The city centre is the highest priced property.


----------



## Darla

Thanks Paul and Dario. I will try both of these suggestions.


----------



## tigger

I lived there for a couple of years a long time ago!!
From the station up to the corso is all mostly residential, I had a lot of friends who lived right in the centre around the "Università per Stranieri" too


----------



## Darla

Thank you so much Tigger, that is really helpful. I shall look at the map; if I still need advise may I ask you more?


----------



## tigger

Of course you can! I'm pleased to be able to help.


----------



## Darla

You are a star! Watch this space!

Many, many thanks.


----------



## Darla

Hello again Tigger

I've had a look at the street map and when you say 'from the station to the Corso' do I assume you mean the Corso Cavour not the Corso Vannucci?

Perhaps if I tell you a little more about what I'm after it may help. I have pictures of tall, three storey (they may even be higher) terraced houses lining narrow and twisting cobbled lanes and this is where I want the house in my novel to be. Any ideas?
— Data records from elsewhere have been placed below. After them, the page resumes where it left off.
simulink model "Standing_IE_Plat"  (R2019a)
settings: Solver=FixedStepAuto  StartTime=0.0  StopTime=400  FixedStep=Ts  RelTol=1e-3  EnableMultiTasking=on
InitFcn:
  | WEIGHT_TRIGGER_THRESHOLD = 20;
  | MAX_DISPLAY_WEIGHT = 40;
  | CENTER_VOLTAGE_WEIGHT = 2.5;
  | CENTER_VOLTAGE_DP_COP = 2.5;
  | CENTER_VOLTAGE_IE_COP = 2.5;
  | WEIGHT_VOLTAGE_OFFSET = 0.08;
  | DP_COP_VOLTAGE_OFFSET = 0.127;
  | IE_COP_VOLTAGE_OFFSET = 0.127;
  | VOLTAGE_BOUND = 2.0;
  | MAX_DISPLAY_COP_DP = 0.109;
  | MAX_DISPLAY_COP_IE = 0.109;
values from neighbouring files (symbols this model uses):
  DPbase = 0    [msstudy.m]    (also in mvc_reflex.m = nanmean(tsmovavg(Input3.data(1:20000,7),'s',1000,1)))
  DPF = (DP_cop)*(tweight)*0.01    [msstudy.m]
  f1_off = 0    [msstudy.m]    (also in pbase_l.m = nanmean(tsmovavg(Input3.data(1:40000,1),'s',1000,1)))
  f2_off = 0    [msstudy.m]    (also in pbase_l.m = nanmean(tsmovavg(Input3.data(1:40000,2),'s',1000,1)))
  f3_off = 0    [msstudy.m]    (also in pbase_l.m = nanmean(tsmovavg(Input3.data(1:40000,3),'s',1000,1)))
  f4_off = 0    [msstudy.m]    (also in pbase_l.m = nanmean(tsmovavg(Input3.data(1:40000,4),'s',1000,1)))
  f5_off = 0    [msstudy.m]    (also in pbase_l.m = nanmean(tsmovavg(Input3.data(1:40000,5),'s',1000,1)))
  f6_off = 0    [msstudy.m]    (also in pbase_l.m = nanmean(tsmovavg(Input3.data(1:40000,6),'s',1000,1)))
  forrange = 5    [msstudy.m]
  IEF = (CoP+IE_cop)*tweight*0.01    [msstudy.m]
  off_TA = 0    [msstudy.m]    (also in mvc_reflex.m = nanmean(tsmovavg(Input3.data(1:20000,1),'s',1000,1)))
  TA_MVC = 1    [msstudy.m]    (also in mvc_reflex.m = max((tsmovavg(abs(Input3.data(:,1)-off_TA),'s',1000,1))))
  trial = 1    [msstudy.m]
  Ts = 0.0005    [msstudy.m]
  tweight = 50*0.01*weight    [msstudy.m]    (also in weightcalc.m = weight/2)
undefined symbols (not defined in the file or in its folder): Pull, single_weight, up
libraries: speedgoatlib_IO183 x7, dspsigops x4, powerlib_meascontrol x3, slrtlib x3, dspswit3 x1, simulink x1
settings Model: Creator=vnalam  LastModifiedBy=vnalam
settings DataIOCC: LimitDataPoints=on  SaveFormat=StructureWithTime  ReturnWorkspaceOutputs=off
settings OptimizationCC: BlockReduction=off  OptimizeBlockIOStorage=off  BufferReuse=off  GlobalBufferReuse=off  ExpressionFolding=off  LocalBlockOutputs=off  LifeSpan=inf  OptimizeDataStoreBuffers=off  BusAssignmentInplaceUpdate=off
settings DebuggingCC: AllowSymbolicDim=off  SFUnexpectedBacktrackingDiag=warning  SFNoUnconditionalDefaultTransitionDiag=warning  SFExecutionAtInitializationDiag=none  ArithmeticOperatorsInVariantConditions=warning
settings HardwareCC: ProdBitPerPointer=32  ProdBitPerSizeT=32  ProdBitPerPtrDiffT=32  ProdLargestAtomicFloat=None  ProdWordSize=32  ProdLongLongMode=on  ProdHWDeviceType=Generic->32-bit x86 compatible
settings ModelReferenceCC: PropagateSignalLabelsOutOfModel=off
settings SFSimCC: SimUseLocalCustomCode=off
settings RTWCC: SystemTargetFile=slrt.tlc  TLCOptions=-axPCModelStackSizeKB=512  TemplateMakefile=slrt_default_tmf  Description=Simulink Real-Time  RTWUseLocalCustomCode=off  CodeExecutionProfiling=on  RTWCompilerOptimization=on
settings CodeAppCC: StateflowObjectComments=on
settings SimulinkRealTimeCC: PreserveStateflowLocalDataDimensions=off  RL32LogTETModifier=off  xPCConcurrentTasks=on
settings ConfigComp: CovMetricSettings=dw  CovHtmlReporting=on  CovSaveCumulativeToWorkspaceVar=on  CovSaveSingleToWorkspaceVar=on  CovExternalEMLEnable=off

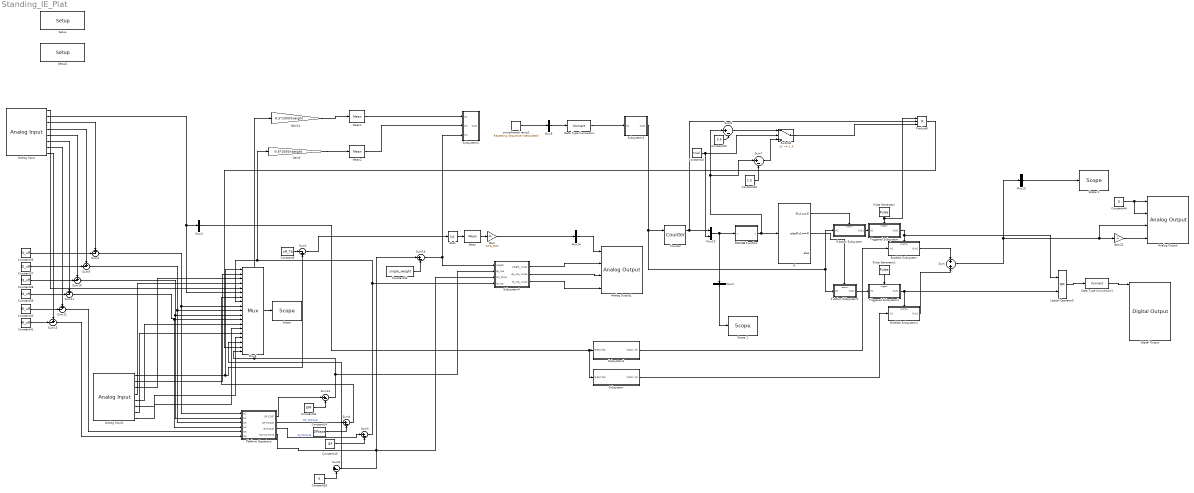
== system Standing_IE_Plat ==
  Abs1 : Abs
  Analog Input : speedgoatlib_IO183/Analog Input  Priority=0  parModuleId=1  parSampTime=Ts  parPciSlot=-1  parAdChannelLow=1  parAdChannelHigh=8
      settings: SourceProductName=Simulink Real-Time: Speedgoat Library
  Analog Input1 : speedgoatlib_IO183/Analog Input  Priority=0  parModuleId=2  parSampTime=Ts  parPciSlot=-1  parAdChannelLow=1  parAdChannelHigh=8
      settings: SourceProductName=Simulink Real-Time: Speedgoat Library
  Analog Output : speedgoatlib_IO183/Analog Output  parModuleId=1  parSampTime=Ts  parDaSimult=on  parPciSlot=-1  parDaChannels=[1 2 3 4]  parDaInit=[0 0 0 0]  parDaReset=[0 0 0 0]
      settings: SourceProductName=Simulink Real-Time: Speedgoat Library
  Analog Output1 : speedgoatlib_IO183/Analog Output  parModuleId=2  parSampTime=-1  parDaSimult=on  parPciSlot=-1  parDaChannels=[1 2 3 4]  parDaInit=[0 0 0 0]  parDaReset=[0 0 0 0]
      settings: SourceProductName=Simulink Real-Time: Speedgoat Library
  Constant10 : Constant  Value=trial  SampleTime=Ts
  Constant14 : Constant  Value=DPbase  SampleTime=Ts
  Constant15 : Constant  Value=IEF  SampleTime=Ts
  Constant23 : Constant  Value=3.5  SampleTime=Ts
  Constant24 : Constant  Value=1.5  SampleTime=Ts
  Constant28 : Constant  Value=0  SampleTime=Ts
  Constant36 : Constant  Value=f1_off  SampleTime=Ts
  Constant37 : Constant  Value=f2_off  SampleTime=Ts
  Constant38 : Constant  Value=f3_off  SampleTime=Ts
  Constant39 : Constant  Value=f4_off  SampleTime=Ts
  Constant40 : Constant  Value=f5_off  SampleTime=Ts
  Constant41 : Constant  Value=f6_off  SampleTime=Ts
  Constant42 : Constant  Value=DPF  SampleTime=Ts
  Constant43 : Constant  Value=single_weight  SampleTime=Ts
  Constant44 : Constant  Value=0  SampleTime=Ts
  Constant5 : Constant  Value=off_TA  SampleTime=Ts
  Counter : dspswit3/Counter  Direction=Up  CountEvent=Rising edge  CounterSize=User defined  MaxCount=255  InitialCount=0  Output=Count and Hit  HitValue=32  ResetInput=on  SamplesPerFrame=1  Ts=1  CntDtype=double  HitDtype=Boolean
  Data Type Conversion : DataTypeConversion
  Data Type Conversion1 : DataTypeConversion
  Digital Output : speedgoatlib_IO183/Digital Output  parModuleId=2  parSampTime=Ts  parPciSlot=-1  parDoChannels=[1 2 3 4 5 6 7 8]  parDoInit=[0 0 0 0 0 0 0 0]  parDoReset=[1 1 1 1 1 1 1 1]
      settings: SourceProductName=Simulink Real-Time: Speedgoat Library
  Enabled Subsystem : Subsystem  TreatAsAtomicUnit=on
  Enabled Subsystem1 : Subsystem  TreatAsAtomicUnit=on
  Gain : Gain  Gain=1/TA_MVC
  Gain14 : Gain  Gain=-0.5*1000/tweight
  Gain22 : Gain  Gain=-1
  Gain6 : Gain  Gain=-0.5*1000/tweight
  If : If  IfExpression=u1==3  ElseIfExpressions=u1==4
  If Action Subsystem : Subsystem  TreatAsAtomicUnit=on
  If Action Subsystem1 : Subsystem  TreatAsAtomicUnit=on
  Logical Operator5 : Logic  Operator=OR  AllPortsSameDT=off  OutDataTypeStr=boolean
  MATLAB Function : MATLAB Function  TreatAsAtomicUnit=on
  Mean : powerlib_meascontrol/Measurements/Mean  Freq=2  Vinit=0  Ts=0
      settings: SourceProductName=Simscape Electrical
  Mean1 : powerlib_meascontrol/Measurements/Mean  Freq=2  Vinit=0  Ts=0
      settings: SourceProductName=Simscape Electrical
  Mean2 : powerlib_meascontrol/Measurements/Mean  Freq=2  Vinit=0  Ts=0
      settings: SourceProductName=Simscape Electrical
  Mux10 : Mux  Inputs=2
  Mux{2..3,9,14..15} (5 alike) : Mux  Inputs=1
  Mux6 : Mux  Inputs=19
      settings: DisplayOption=signals
  Platform Equations : Subsystem
  Product8 : Product  Inputs=3
  Pulse Generator : DiscretePulseGenerator  Period=2081  SampleTime=Ts
  Pulse Generator1 : DiscretePulseGenerator  Period=2081  SampleTime=Ts
  "Scope " : slrtlib/Displays and Logging/Scope   scopeno=3  scopetype=File  autostart=on  viewmode=Graphical redraw  formatstr='%15.6f'  grid=on  ylimits=[0,0]  nosamples=800000  noprepostsamples=0  interleave=1  triggermode=FreeRun  triggersignal=1  trigsignalfromport=off  triggerlevel=0.0  triggerslope=Either  triggerscope=1  triggersample=0  filename=XIEP.dat  mode=Commit  writesize=512  autorestart=off  dynamicfilemode=off  maxwritefilesize=512*1024^2
  Scope 1 : slrtlib/Displays and Logging/Scope   scopeno=1  scopetype=Target  autostart=on  viewmode=Numerical  formatstr='%15.6f'  grid=on  ylimits=[0,0]  nosamples=200  noprepostsamples=0  interleave=1  triggermode=FreeRun  triggersignal=1  trigsignalfromport=off  triggerlevel=0.0  triggerslope=Either  triggerscope=1  triggersample=0  filename=tot303.dat  mode=Lazy  writesize=512  autorestart=off  dynamicfilemode=off  maxwritefilesize=512*1024^2
  Scope 2 : slrtlib/Displays and Logging/Scope   scopeno=2  scopetype=Target  autostart=on  viewmode=Graphical rolling  formatstr='%15.6f'  grid=on  ylimits=[0,0]  nosamples=8000  noprepostsamples=0  interleave=1  triggermode=FreeRun  triggersignal=1  trigsignalfromport=off  triggerlevel=0.0  triggerslope=Either  triggerscope=1  triggersample=0  filename=tot303.dat  mode=Lazy  writesize=512  autorestart=off  dynamicfilemode=off  maxwritefilesize=512*1024^2
  Setup : speedgoatlib_IO183/Setup  parModuleId=1  parPciSlot=-1  parDaSimult=on  parAdCoupling=Single Ended  parAdRange=+-10V  parAdChannelLow=1  parAdChannelHigh=8  parDaChannels=[1:4]  parDaRange=0..5V  parDaInit=[0]  parDaReset=[0]  parDoChannels=[1:8]  parDoInit=[0]  parDoReset=[1]  parDiChannels=[9:16]  parIOPullReferenceFront=Pull-up (3.3V)  parIOPullReferenceRear=Pull-up (3.3V)
      settings: SourceProductName=Simulink Real-Time: Speedgoat Library
  Setup1 : speedgoatlib_IO183/Setup  parModuleId=2  parPciSlot=-1  parDaSimult=on  parAdCoupling=Single Ended  parAdRange=+-10V  parAdChannelLow=1  parAdChannelHigh=8  parDaChannels=[1:4]  parDaRange=0..5V  parDaInit=[0]  parDaReset=[0]  parDoChannels=[1:8]  parDoInit=[0]  parDoReset=[1]  parDiChannels=[9:16]  parIOPullReferenceFront=Pull-up (3.3V)  parIOPullReferenceRear=Pull-up (3.3V)
      settings: SourceProductName=Simulink Real-Time: Speedgoat Library
  Subsystem : Subsystem
  Subsystem1 : Subsystem
  Subsystem2 : Subsystem
  Subsystem3 : Subsystem
  Subsystem4 : Subsystem
  Sum : Sum  Inputs=+|+
  Sum1 : Sum  Inputs=|-+
  Sum{3,9..13} (6 alike) : Sum  Inputs=+-|
  Sum{4..8,14,16} (7 alike) : Sum  Inputs=|+-
  Switch8 : Switch  Threshold=1.5
  Triggered Subsystem : Subsystem  TreatAsAtomicUnit=on
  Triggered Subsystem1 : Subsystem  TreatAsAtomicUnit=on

I can't tell you how grateful I am for some help.


----------



## tigger

Soory I've taken so long to reply, but life has been hectic recently! I used to teach in Via Bartolo behind the cathedral , it's quite a steep, cobbled street leading down to the "Università per Stranieri", but most of the side-streets leading off the Corso Vannucci, and those around the cathedral and the theatre are that type of road.


----------



## Darla

That's brilliant; thank you so much!


----------



## tigger

Your very welcome! If you get a chance, you should visit the area. I lived around there for a couple of years, and it's a beautiful part of Italy. not only the well-known places like Perugia and Assisi, but also Spello, Foligno, Lake Trasimeno. It really is the "Green Heart " of Italy, as it's known.


----------



## Darla

Yes, it looks really lovely. I hope to go next spring.
Thanks again.


----------



## Darla

Hello Tigger, could you help me with something else, please?
I have conflicting information about the Mercato Coperto; one source says it is two floors (meat/fish and fruit & veg), another says three floors with the bottom one being haberdashory. Perhaps it has been expanded? Do you remember what is was when you were there and could you give me a timeframe for that?
I'm really grateful for your input.


----------



## tigger

To tell the truth, I can't remember (I'm getting old). I know there was a lot of talk about redeveloping it all and making a modern shopping centre in it's place - heaven forbid! The most famous thing the mercato coperto is the wonderful view from the terrace!!
I'll see if I can find out more for you and let you know.


----------



## Darla

Thanks, that's great. I need to know how it was around 1998/2000.

Look forward to hearing from you. Really appreciate you taking the time.


----------